◆ Input for this task ◆
────────
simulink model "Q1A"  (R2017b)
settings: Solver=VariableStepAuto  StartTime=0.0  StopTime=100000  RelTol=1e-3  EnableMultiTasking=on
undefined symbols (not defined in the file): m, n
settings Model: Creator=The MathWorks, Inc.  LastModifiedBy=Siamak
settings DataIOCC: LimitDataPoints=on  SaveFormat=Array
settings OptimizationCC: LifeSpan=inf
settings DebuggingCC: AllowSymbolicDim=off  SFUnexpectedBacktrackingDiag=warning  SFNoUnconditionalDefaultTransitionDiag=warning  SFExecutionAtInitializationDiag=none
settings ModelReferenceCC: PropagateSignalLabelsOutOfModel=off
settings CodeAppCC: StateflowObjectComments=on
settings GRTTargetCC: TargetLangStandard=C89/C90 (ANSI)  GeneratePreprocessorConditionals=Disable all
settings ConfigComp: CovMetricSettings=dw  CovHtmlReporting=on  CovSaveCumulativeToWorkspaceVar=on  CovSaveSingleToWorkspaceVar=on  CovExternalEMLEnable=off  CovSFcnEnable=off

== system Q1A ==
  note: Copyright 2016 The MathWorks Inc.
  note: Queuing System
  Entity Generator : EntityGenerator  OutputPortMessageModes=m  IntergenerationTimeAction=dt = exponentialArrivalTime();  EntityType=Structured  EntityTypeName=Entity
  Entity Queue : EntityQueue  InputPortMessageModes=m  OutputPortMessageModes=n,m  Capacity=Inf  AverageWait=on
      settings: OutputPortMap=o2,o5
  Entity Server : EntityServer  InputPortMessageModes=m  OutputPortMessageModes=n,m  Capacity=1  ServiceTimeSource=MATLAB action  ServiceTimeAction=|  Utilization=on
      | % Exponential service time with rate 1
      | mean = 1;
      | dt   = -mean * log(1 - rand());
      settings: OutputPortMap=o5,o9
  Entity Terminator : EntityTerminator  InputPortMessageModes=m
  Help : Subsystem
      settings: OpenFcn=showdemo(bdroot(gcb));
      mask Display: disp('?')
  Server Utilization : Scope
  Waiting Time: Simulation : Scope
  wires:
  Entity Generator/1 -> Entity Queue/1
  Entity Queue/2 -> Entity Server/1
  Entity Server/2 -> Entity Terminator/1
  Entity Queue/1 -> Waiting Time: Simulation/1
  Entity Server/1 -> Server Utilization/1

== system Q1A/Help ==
────────
◆ Action item ◆
Exactly the lines from the one containing "Help : Subsystem" through the end of the listing should be reproduced, both ends included and nothing more.

◆ Exercise response ◆
  Help : Subsystem
      settings: OpenFcn=showdemo(bdroot(gcb));
      mask Display: disp('?')
  Server Utilization : Scope
  Waiting Time: Simulation : Scope
  wires:
  Entity Generator/1 -> Entity Queue/1
  Entity Queue/2 -> Entity Server/1
  Entity Server/2 -> Entity Terminator/1
  Entity Queue/1 -> Waiting Time: Simulation/1
  Entity Server/1 -> Server Utilization/1

== system Q1A/Help ==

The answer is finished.